> _WHAT YOU WILL DO_
Filter the records below for the word "insert". Keep each line that has it.

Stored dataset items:

((

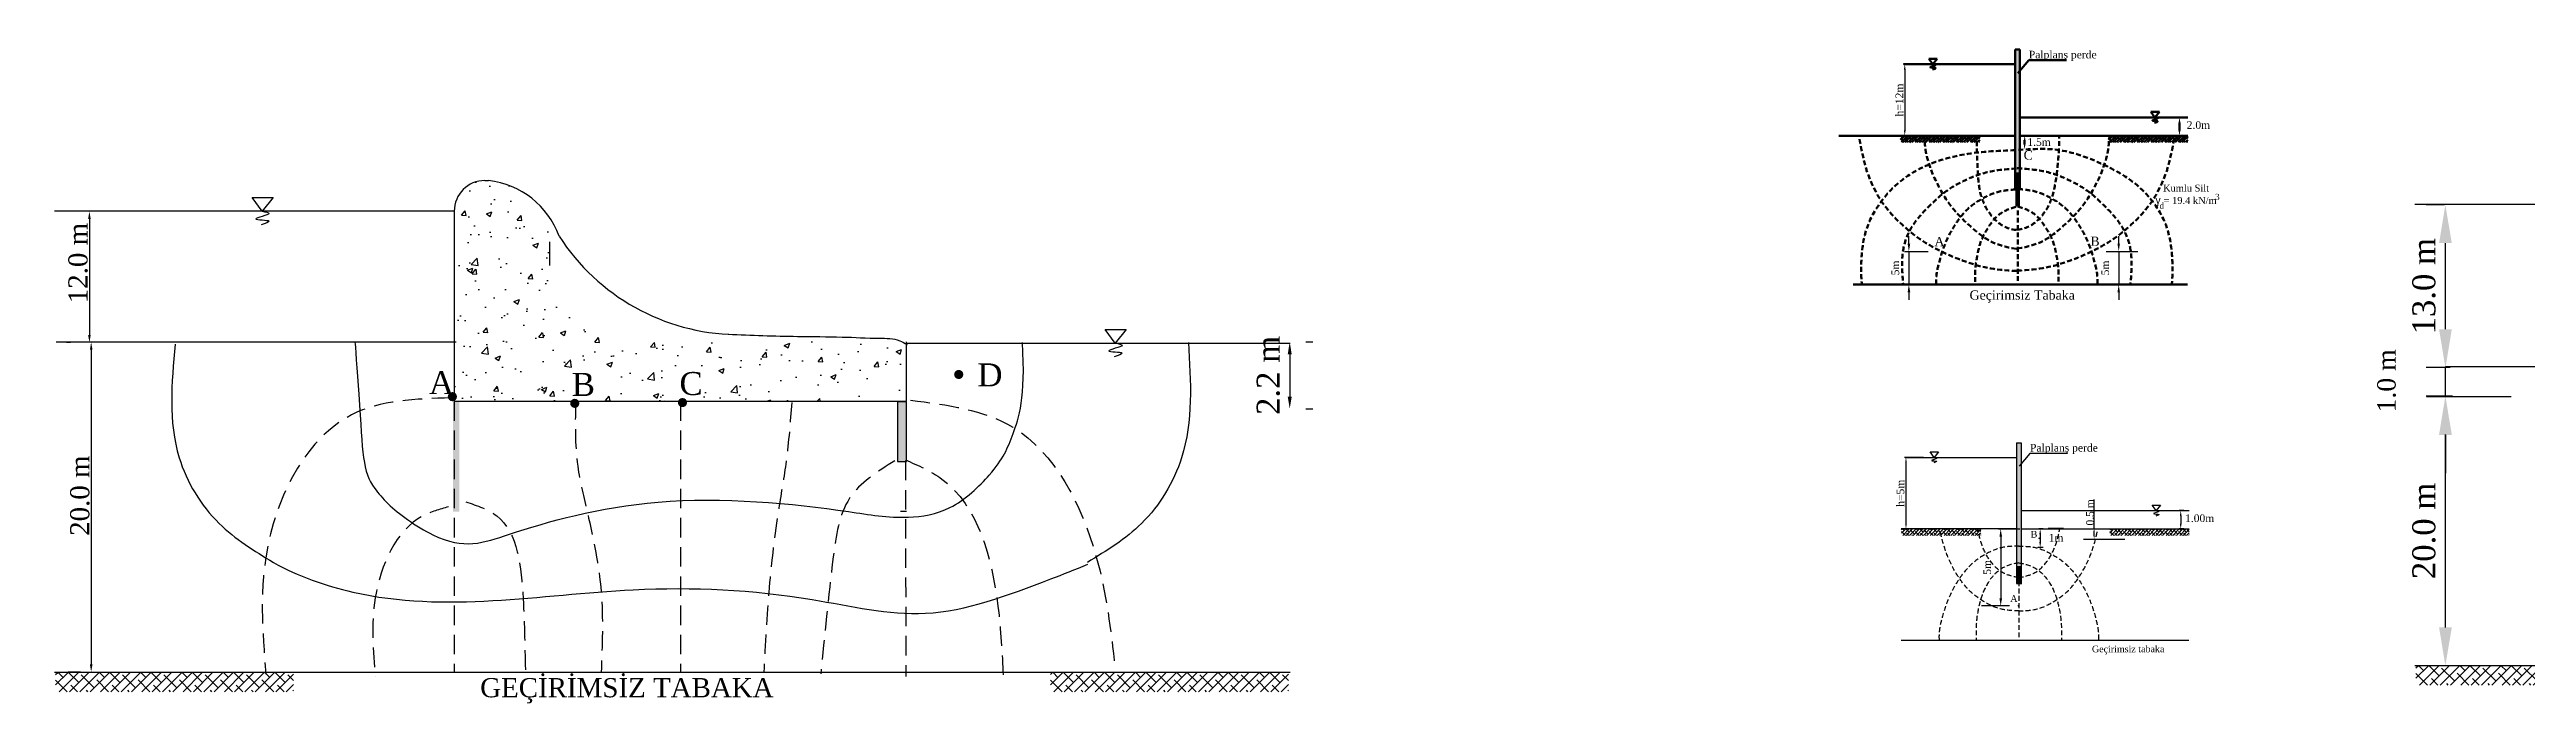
# Model space of a CAD drawing. Header units: millimetres. Extents: x 32 to 511, y 120 to 431.
# Drawn here: x 32.2 to 193.8, y 195.4 to 238 of the extents above; entities that cross this region are included whole.
import ezdxf

# ---------------------------------------------------------------- set-up
doc = ezdxf.new("R2010")
doc.units = ezdxf.units.MM
doc.linetypes.add('DASHED', pattern=[19.05, 12.7, -6.35])
doc.styles.add('TIMES', font='times.ttf')
doc.styles.add('tımes', font='times.ttf')
doc.dimstyles.new('ISO-25', dxfattribs={"dimtxt": 2.5, "dimasz": 2.5, "dimexe": 1.25, "dimexo": 0.625, "dimtad": 1, "dimtxsty": 'Standard', "dimcen": 2.5, "dimadec": 0, "dimazin": 0, "dimtfac": 1, "dimtmove": 0, "dimatfit": 3, "dimfxl": 1, "dimarcsym": 0})

# ---------------------------------------------------------------- blocks, each defined once
blk = doc.blocks.new('*D1')
at = {"color": 0, "lineweight": -2, "transparency": 16777216}
for p, q in [((154.43, 211.42), (153.18, 211.42)), ((153.28, 211.07), (153.28, 207.1)), ((154.43, 206.75), (153.18, 206.75))]:
    blk.add_line(p, q, dxfattribs=at)
at = {"color": 0, "transparency": 16777216}
for points in [[(153.23, 211.07), (153.34, 211.07), (153.28, 211.42)], [(153.23, 207.1), (153.34, 207.1), (153.28, 206.75)]]:
    blk.add_solid(points, dxfattribs=at)
at = {"layer": 'Defpoints', "color": 0, "transparency": 16777216}
for p in [(154.53, 211.42), (153.28, 206.75), (154.53, 206.75)]:
    blk.add_point(p, dxfattribs=at)
at = {"color": 0, "transparency": 16777216, "insert": (152.92, 209.08), "char_height": 0.5, "attachment_point": 5, "rotation": 90}
blk.add_mtext('{\\fTimes New Roman|b0|i0|c162|p18;h=5m}', dxfattribs=at)
blk = doc.blocks.new('*D9')
at = {"color": 0, "lineweight": -2, "transparency": 16777216}
for p, q in [((159.32, 206.75), (160.71, 206.75)), ((159.46, 206.25), (159.46, 202.22)), ((160.04, 201.72), (158.21, 201.72))]:
    blk.add_line(p, q, dxfattribs=at)
at = {"color": 0, "transparency": 16777216}
for points in [[(159.38, 206.25), (159.55, 206.25), (159.46, 206.75)], [(159.38, 202.22), (159.55, 202.22), (159.46, 201.72)]]:
    blk.add_solid(points, dxfattribs=at)
at = {"layer": 'Defpoints', "color": 0, "transparency": 16777216}
for p in [(158.7, 206.75), (159.46, 201.72), (160.66, 201.72)]:
    blk.add_point(p, dxfattribs=at)
at = {"color": 0, "transparency": 16777216, "insert": (158.58, 204.24), "char_height": 0.5, "attachment_point": 5, "rotation": 90, "style": 'tımes'}
blk.add_mtext('5m', dxfattribs=at)
blk = doc.blocks.new('*D10')
at = {"color": 0, "lineweight": -2, "transparency": 16777216}
for p, q in [((165.56, 206.8), (165.56, 208.67)), ((162.56, 206.8), (163.56, 206.8)), ((164.86, 206.09), (167.56, 206.09)), ((165.56, 206.29), (165.56, 206.6))]:
    blk.add_line(p, q, dxfattribs=at)
at = {"color": 0, "transparency": 16777216}
for points in [[(165.52, 206.6), (165.59, 206.6), (165.56, 206.8)], [(165.52, 206.29), (165.59, 206.29), (165.56, 206.09)]]:
    blk.add_solid(points, dxfattribs=at)
at = {"layer": 'Defpoints', "color": 0, "transparency": 16777216}
for p in [(161.86, 206.09), (165.56, 206.8), (165.56, 206.8)]:
    blk.add_point(p, dxfattribs=at)
at = {"color": 0, "transparency": 16777216, "insert": (165.29, 207.83), "char_height": 0.5, "attachment_point": 5, "rotation": 90, "style": 'tımes'}
blk.add_mtext('0.5 m', dxfattribs=at)
blk = doc.blocks.new('*D11')
at = {"color": 0, "lineweight": -2, "transparency": 16777216}
for p, q in [((33.95, 227.48), (33.28, 227.48)), ((34.78, 226.98), (34.78, 219.41)), ((33.54, 218.91), (33.28, 218.91))]:
    blk.add_line(p, q, dxfattribs=at)
at = {"color": 0, "transparency": 16777216}
for points in [[(34.69, 226.98), (34.86, 226.98), (34.78, 227.48)], [(34.69, 219.41), (34.86, 219.41), (34.78, 218.91)]]:
    blk.add_solid(points, dxfattribs=at)
at = {"layer": 'Defpoints', "color": 0, "transparency": 16777216}
for p in [(35.45, 227.48), (34.78, 218.91), (35.04, 218.91)]:
    blk.add_point(p, dxfattribs=at)
at = {"color": 0, "transparency": 16777216, "insert": (34.04, 224.1), "char_height": 1.25, "attachment_point": 5, "rotation": 90, "style": 'TIMES'}
blk.add_mtext('{\\fTimes New Roman|b0|i0|c162|p18;12.0 m}', dxfattribs=at)
blk = doc.blocks.new('*D12')
at = {"color": 0, "lineweight": -2, "transparency": 16777216}
for p, q in [((113.08, 218.15), (113.08, 215.39)), ((114.13, 218.95), (114.58, 218.95)), ((114.13, 214.59), (114.58, 214.59))]:
    blk.add_line(p, q, dxfattribs=at)
at = {"color": 0, "transparency": 16777216}
for points in [[(112.95, 218.15), (113.21, 218.15), (113.08, 218.95)], [(112.95, 215.39), (113.21, 215.39), (113.08, 214.59)]]:
    blk.add_solid(points, dxfattribs=at)
at = {"layer": 'Defpoints', "color": 0, "transparency": 16777216}
for p in [(112.63, 218.95), (112.63, 214.59), (113.08, 214.59)]:
    blk.add_point(p, dxfattribs=at)
at = {"color": 0, "transparency": 16777216, "insert": (111.69, 216.77), "char_height": 1.5, "attachment_point": 5, "rotation": 90}
blk.add_mtext('{\\fTimes New Roman|b0|i0|c162|p18;2.2 m}', dxfattribs=at)
blk = doc.blocks.new('*D13')
at = {"color": 0, "lineweight": -2, "transparency": 16777216}
for p, q in [((34.06, 218.94), (33.39, 218.94)), ((34.89, 218.44), (34.89, 197.91)), ((34.2, 197.41), (33.39, 197.41))]:
    blk.add_line(p, q, dxfattribs=at)
at = {"color": 0, "transparency": 16777216}
for points in [[(34.81, 218.44), (34.98, 218.44), (34.89, 218.94)], [(34.81, 197.91), (34.98, 197.91), (34.89, 197.41)]]:
    blk.add_solid(points, dxfattribs=at)
at = {"layer": 'Defpoints', "color": 0, "transparency": 16777216}
for p in [(35.56, 218.94), (34.89, 197.41), (35.7, 197.41)]:
    blk.add_point(p, dxfattribs=at)
at = {"color": 0, "transparency": 16777216, "insert": (34.16, 208.92), "char_height": 1.25, "attachment_point": 5, "rotation": 90, "style": 'TIMES'}
blk.add_mtext('{\\fTimes New Roman|b0|i0|c162|p18;20.0 m}', dxfattribs=at)
blk = doc.blocks.new('*D14')
at = {"color": 0, "lineweight": -2, "transparency": 16777216}
for p, q in [((188.93, 215.41), (187.22, 215.41)), ((188.47, 200.32), (188.47, 212.91)), ((188.81, 197.82), (187.22, 197.82))]:
    blk.add_line(p, q, dxfattribs=at)
at = {"color": 0, "transparency": 16777216}
for points in [[(188.06, 212.91), (188.89, 212.91), (188.47, 215.41)], [(188.06, 200.32), (188.89, 200.32), (188.47, 197.82)]]:
    blk.add_solid(points, dxfattribs=at)
at = {"layer": 'Defpoints', "color": 0, "transparency": 16777216}
for p in [(188.47, 215.41), (189.55, 215.41), (189.44, 197.82)]:
    blk.add_point(p, dxfattribs=at)
at = {"color": 0, "transparency": 16777216, "insert": (187.08, 206.62), "char_height": 1.5, "attachment_point": 5, "rotation": 90}
blk.add_mtext('{\\fTimes New Roman|b0|i0|c162|p18;20.0 m}', dxfattribs=at)
blk = doc.blocks.new('*D15')
at = {"color": 0, "lineweight": -2, "transparency": 16777216}
for p, q in [((188.48, 219.78), (188.48, 222.28)), ((188.79, 217.28), (187.23, 217.28)), ((188.48, 215.38), (188.48, 217.28)), ((192.77, 215.38), (187.23, 215.38)), ((188.48, 212.88), (188.48, 210.38))]:
    blk.add_line(p, q, dxfattribs=at)
at = {"color": 0, "transparency": 16777216}
for points in [[(188.06, 219.78), (188.89, 219.78), (188.48, 217.28)], [(188.06, 212.88), (188.89, 212.88), (188.48, 215.38)]]:
    blk.add_solid(points, dxfattribs=at)
at = {"layer": 'Defpoints', "color": 0, "transparency": 16777216}
for p in [(188.48, 217.28), (189.41, 217.28), (193.4, 215.38)]:
    blk.add_point(p, dxfattribs=at)
at = {"color": 0, "transparency": 16777216, "insert": (184.64, 216.41), "char_height": 1.2, "attachment_point": 5, "rotation": 90}
blk.add_mtext('{\\fTimes New Roman|b0|i0|c162|p18;1.0 m}', dxfattribs=at)
blk = doc.blocks.new('*D16')
at = {"color": 0, "lineweight": -2, "transparency": 16777216}
for p, q in [((188.41, 227.9), (187.22, 227.9)), ((188.47, 219.78), (188.47, 225.4)), ((188.79, 217.28), (187.22, 217.28))]:
    blk.add_line(p, q, dxfattribs=at)
at = {"color": 0, "transparency": 16777216}
for points in [[(188.06, 225.4), (188.89, 225.4), (188.47, 227.9)], [(188.06, 219.78), (188.89, 219.78), (188.47, 217.28)]]:
    blk.add_solid(points, dxfattribs=at)
at = {"layer": 'Defpoints', "color": 0, "transparency": 16777216}
for p in [(188.47, 227.9), (189.04, 227.9), (189.41, 217.28)]:
    blk.add_point(p, dxfattribs=at)
at = {"color": 0, "transparency": 16777216, "insert": (187.08, 222.59), "char_height": 1.5, "attachment_point": 5, "rotation": 90}
blk.add_mtext('{\\fTimes New Roman|b0|i0|c162|p18;13.0 m}', dxfattribs=at)
blk = doc.blocks.new('*D31')
at = {"color": 0, "lineweight": -2, "transparency": 16777216}
for p, q in [((154.35, 237.08), (153.1, 237.08)), ((153.2, 236.73), (153.2, 232.76)), ((154.35, 232.41), (153.1, 232.41))]:
    blk.add_line(p, q, dxfattribs=at)
at = {"color": 0, "lineweight": 18, "transparency": 16777216}
for points in [[(153.15, 236.73), (153.26, 236.73), (153.2, 237.08)], [(153.15, 232.76), (153.26, 232.76), (153.2, 232.41)]]:
    blk.add_solid(points, dxfattribs=at)
at = {"layer": 'Defpoints', "color": 0, "lineweight": 18, "transparency": 16777216}
for p in [(154.45, 237.08), (153.2, 232.41), (154.45, 232.41)]:
    blk.add_point(p, dxfattribs=at)
at = {"color": 0, "lineweight": 200, "transparency": 16777216, "insert": (152.85, 234.74), "char_height": 0.5, "attachment_point": 5, "rotation": 90}
blk.add_mtext('{\\fTimes New Roman|b0|i0|c162|p18;h=12m}', dxfattribs=at)
blk = doc.blocks.new('*D32')
at = {"color": 0, "lineweight": -2, "transparency": 16777216}
for p, q in [((153.18, 224.86), (154.72, 224.86)), ((153.47, 225.36), (153.47, 225.86)), ((153.47, 224.86), (153.47, 222.7)), ((154.05, 222.7), (152.22, 222.7)), ((153.47, 222.2), (153.47, 221.7))]:
    blk.add_line(p, q, dxfattribs=at)
at = {"color": 0, "lineweight": 18, "transparency": 16777216}
for points in [[(153.39, 225.36), (153.56, 225.36), (153.47, 224.86)], [(153.39, 222.2), (153.56, 222.2), (153.47, 222.7)]]:
    blk.add_solid(points, dxfattribs=at)
at = {"layer": 'Defpoints', "color": 0, "lineweight": 18, "transparency": 16777216}
for p in [(152.56, 224.86), (153.47, 222.7), (154.67, 222.7)]:
    blk.add_point(p, dxfattribs=at)
at = {"color": 0, "lineweight": 200, "transparency": 16777216, "insert": (152.59, 223.78), "char_height": 0.5, "attachment_point": 5, "rotation": 90, "style": 'tımes'}
blk.add_mtext('5m', dxfattribs=at)
blk = doc.blocks.new('*D36')
at = {"color": 0, "lineweight": -2, "transparency": 16777216}
for p, q in [((166.34, 224.86), (168.41, 224.86)), ((167.16, 225.36), (167.16, 225.86)), ((167.16, 224.86), (167.16, 222.7)), ((166.3, 222.7), (168.41, 222.7)), ((167.16, 222.2), (167.16, 221.7))]:
    blk.add_line(p, q, dxfattribs=at)
at = {"color": 0, "lineweight": 18, "transparency": 16777216}
for points in [[(167.08, 225.36), (167.24, 225.36), (167.16, 224.86)], [(167.08, 222.2), (167.24, 222.2), (167.16, 222.7)]]:
    blk.add_solid(points, dxfattribs=at)
at = {"layer": 'Defpoints', "color": 0, "lineweight": 18, "transparency": 16777216}
for p in [(165.71, 224.86), (165.68, 222.7), (167.16, 222.7)]:
    blk.add_point(p, dxfattribs=at)
at = {"color": 0, "lineweight": 200, "transparency": 16777216, "insert": (166.28, 223.78), "char_height": 0.5, "attachment_point": 5, "rotation": 90, "style": 'tımes'}
blk.add_mtext('5m', dxfattribs=at)

msp = doc.modelspace()

# ---------------------------------------------------------------- hatches: boundary and pattern name
at = {"lineweight": 200}
msp.add_hatch(color=256, dxfattribs=at).paths.add_polyline_path([(160.717, 238.038), (160.405, 238.038), (160.405, 229.944), (160.717, 229.944)])
h = msp.add_hatch(dxfattribs=at)
h.set_pattern_fill('ANSI38', color=256, scale=0.05, style=0)
h.set_pattern_definition([(45, (-11.1445, 20.03113), (-0.1122532, 0.1122532), []), (135, (-11.1445, 20.03113), (-0.3367596, 0.1122532), [0.396875, -0.238125])])
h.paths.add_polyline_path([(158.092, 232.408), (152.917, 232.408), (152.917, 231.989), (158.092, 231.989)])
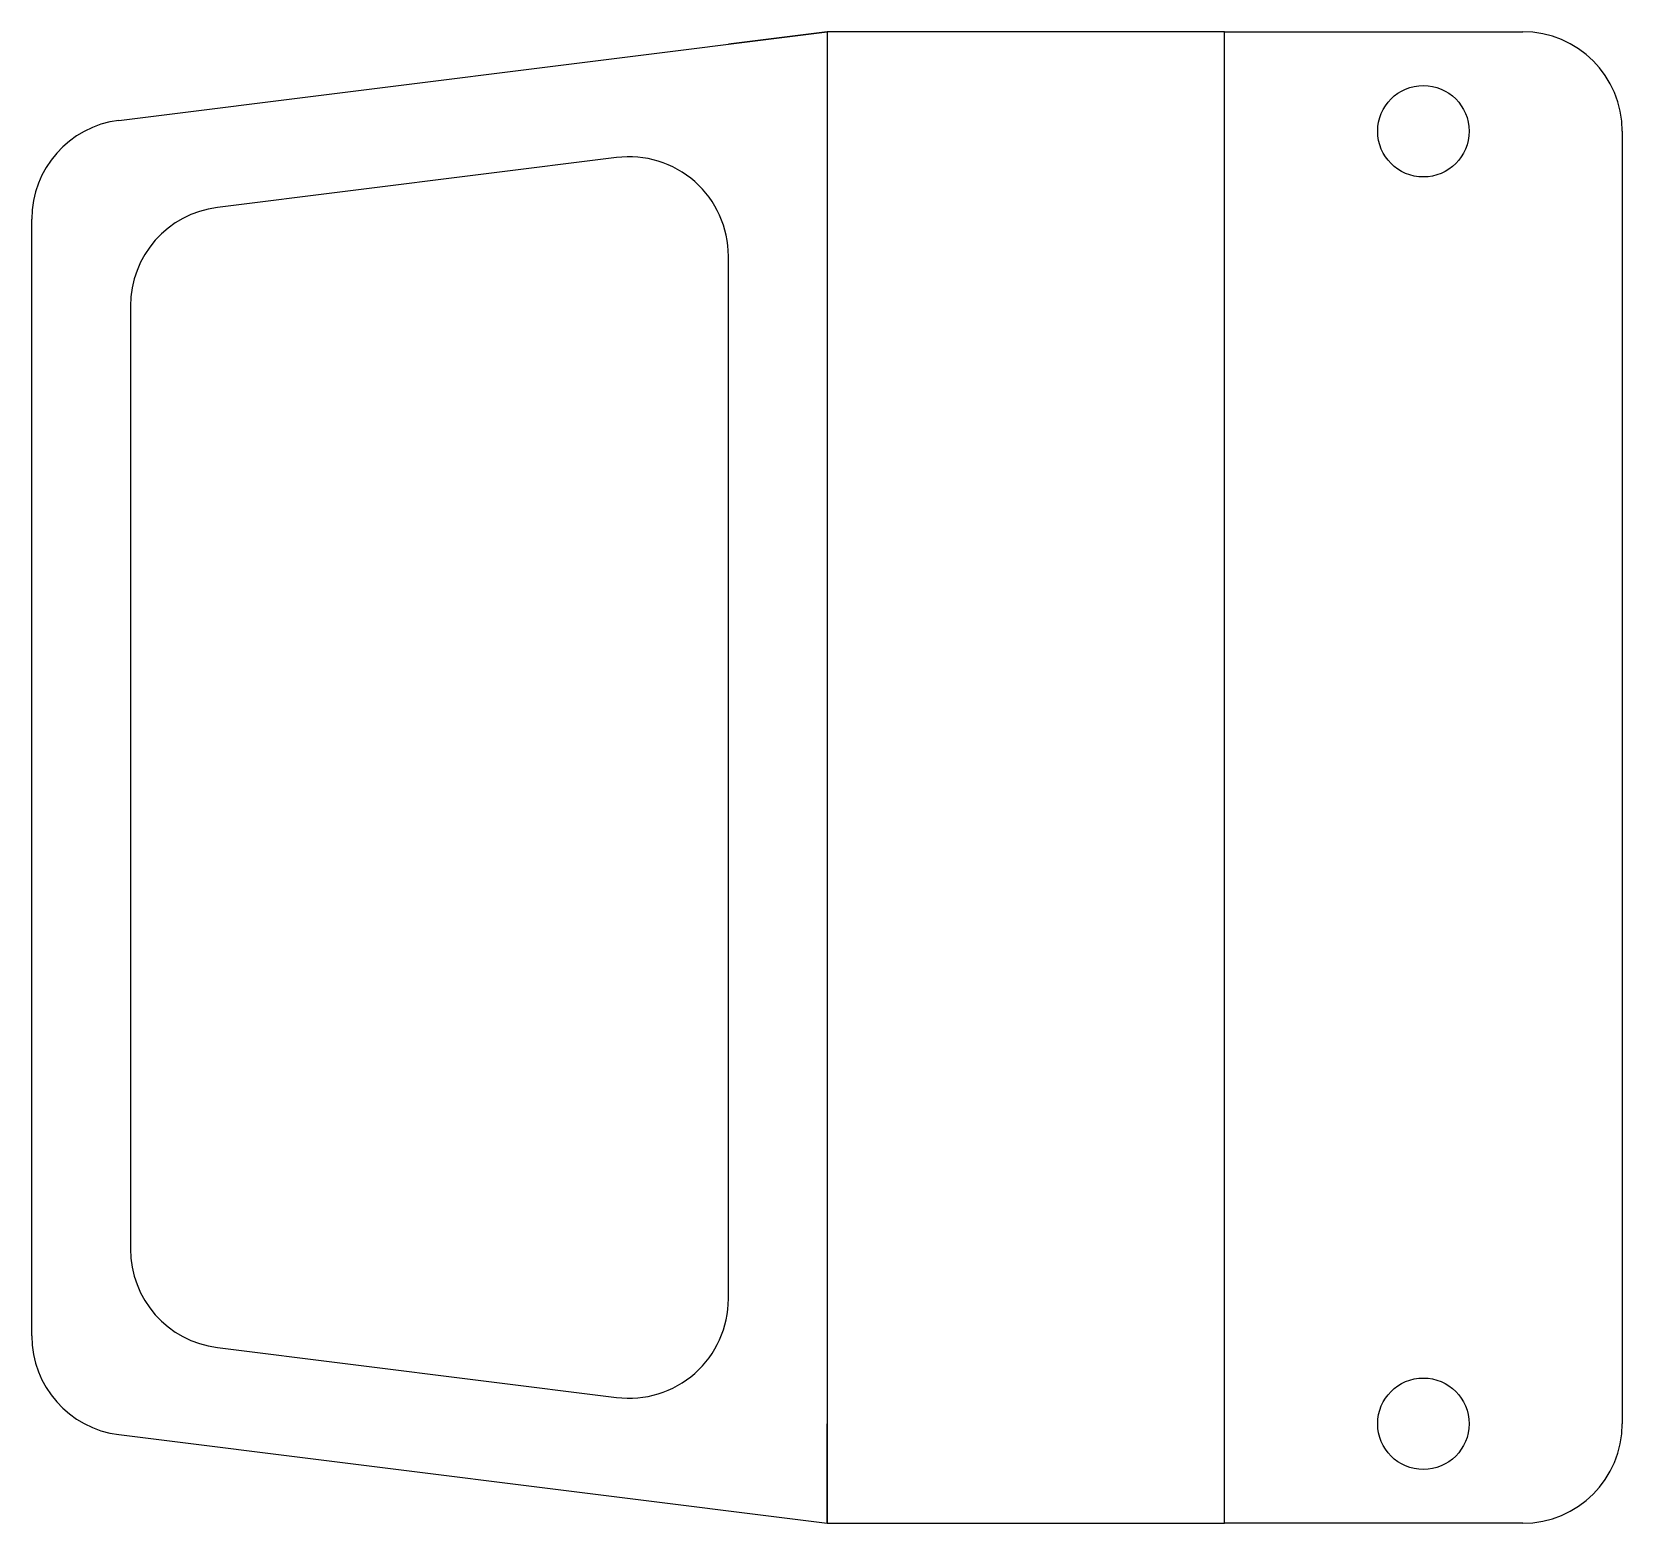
# Model space of a CAD drawing. Header units: millimetres. Extents: x 30 to 110, y 90 to 165.
import ezdxf

# ---------------------------------------------------------------- set-up
doc = ezdxf.new("R2010")
doc.units = ezdxf.units.MM

msp = doc.modelspace()

# ---------------------------------------------------------------- linework, layer by layer
for p, q in [((34.38, 160.547), (70, 165)), ((70, 165), (65.039, 164.38)), ((90, 165), (70, 165)), ((70, 165), (70, 90)), ((70, 165), (70, 160)), ((70, 165), (70, 160)), ((90, 90), (90, 165)), ((90, 165), (105, 165)), ((110, 160), (110, 95)), ((59.418, 158.677), (39.341, 156.168)), ((30, 99.414), (30, 155.586)), ((65.039, 101.284), (65.039, 153.716)), ((34.961, 151.206), (34.961, 103.794)), ((39.341, 98.832), (59.418, 96.323)), ((34.38, 94.453), (70, 90)), ((70, 90), (70, 95)), ((70, 90), (90, 90)), ((105, 90), (90, 90))]:
    msp.add_line(p, q)
for centre in [(100, 160), (100, 95)]:
    msp.add_circle(centre, 2.3)
for centre, start, end in [((105, 160), 0, 90), ((35, 155.586), 97.12502, 180), ((60.039, 153.716), 0, 97.12502), ((39.961, 151.206), 97.12502, 180), ((39.961, 103.794), 180, 262.87498), ((60.039, 101.284), 262.87498, 0), ((35, 99.414), 180, 262.87498), ((105, 95), 270, 0)]:
    msp.add_arc(centre, 5, start, end)

doc.saveas('drawing.dxf')

))

> _SOLUTION_
at = {"color": 0, "transparency": 16777216, "insert": (152.92, 209.08), "char_height": 0.5, "attachment_point": 5, "rotation": 90}
at = {"color": 0, "transparency": 16777216, "insert": (158.58, 204.24), "char_height": 0.5, "attachment_point": 5, "rotation": 90, "style": 'tımes'}
at = {"color": 0, "transparency": 16777216, "insert": (165.29, 207.83), "char_height": 0.5, "attachment_point": 5, "rotation": 90, "style": 'tımes'}
at = {"color": 0, "transparency": 16777216, "insert": (34.04, 224.1), "char_height": 1.25, "attachment_point": 5, "rotation": 90, "style": 'TIMES'}
at = {"color": 0, "transparency": 16777216, "insert": (111.69, 216.77), "char_height": 1.5, "attachment_point": 5, "rotation": 90}
at = {"color": 0, "transparency": 16777216, "insert": (34.16, 208.92), "char_height": 1.25, "attachment_point": 5, "rotation": 90, "style": 'TIMES'}
at = {"color": 0, "transparency": 16777216, "insert": (187.08, 206.62), "char_height": 1.5, "attachment_point": 5, "rotation": 90}
at = {"color": 0, "transparency": 16777216, "insert": (184.64, 216.41), "char_height": 1.2, "attachment_point": 5, "rotation": 90}
at = {"color": 0, "transparency": 16777216, "insert": (187.08, 222.59), "char_height": 1.5, "attachment_point": 5, "rotation": 90}
at = {"color": 0, "lineweight": 200, "transparency": 16777216, "insert": (152.85, 234.74), "char_height": 0.5, "attachment_point": 5, "rotation": 90}
at = {"color": 0, "lineweight": 200, "transparency": 16777216, "insert": (152.59, 223.78), "char_height": 0.5, "attachment_point": 5, "rotation": 90, "style": 'tımes'}
at = {"color": 0, "lineweight": 200, "transparency": 16777216, "insert": (166.28, 223.78), "char_height": 0.5, "attachment_point": 5, "rotation": 90, "style": 'tımes'}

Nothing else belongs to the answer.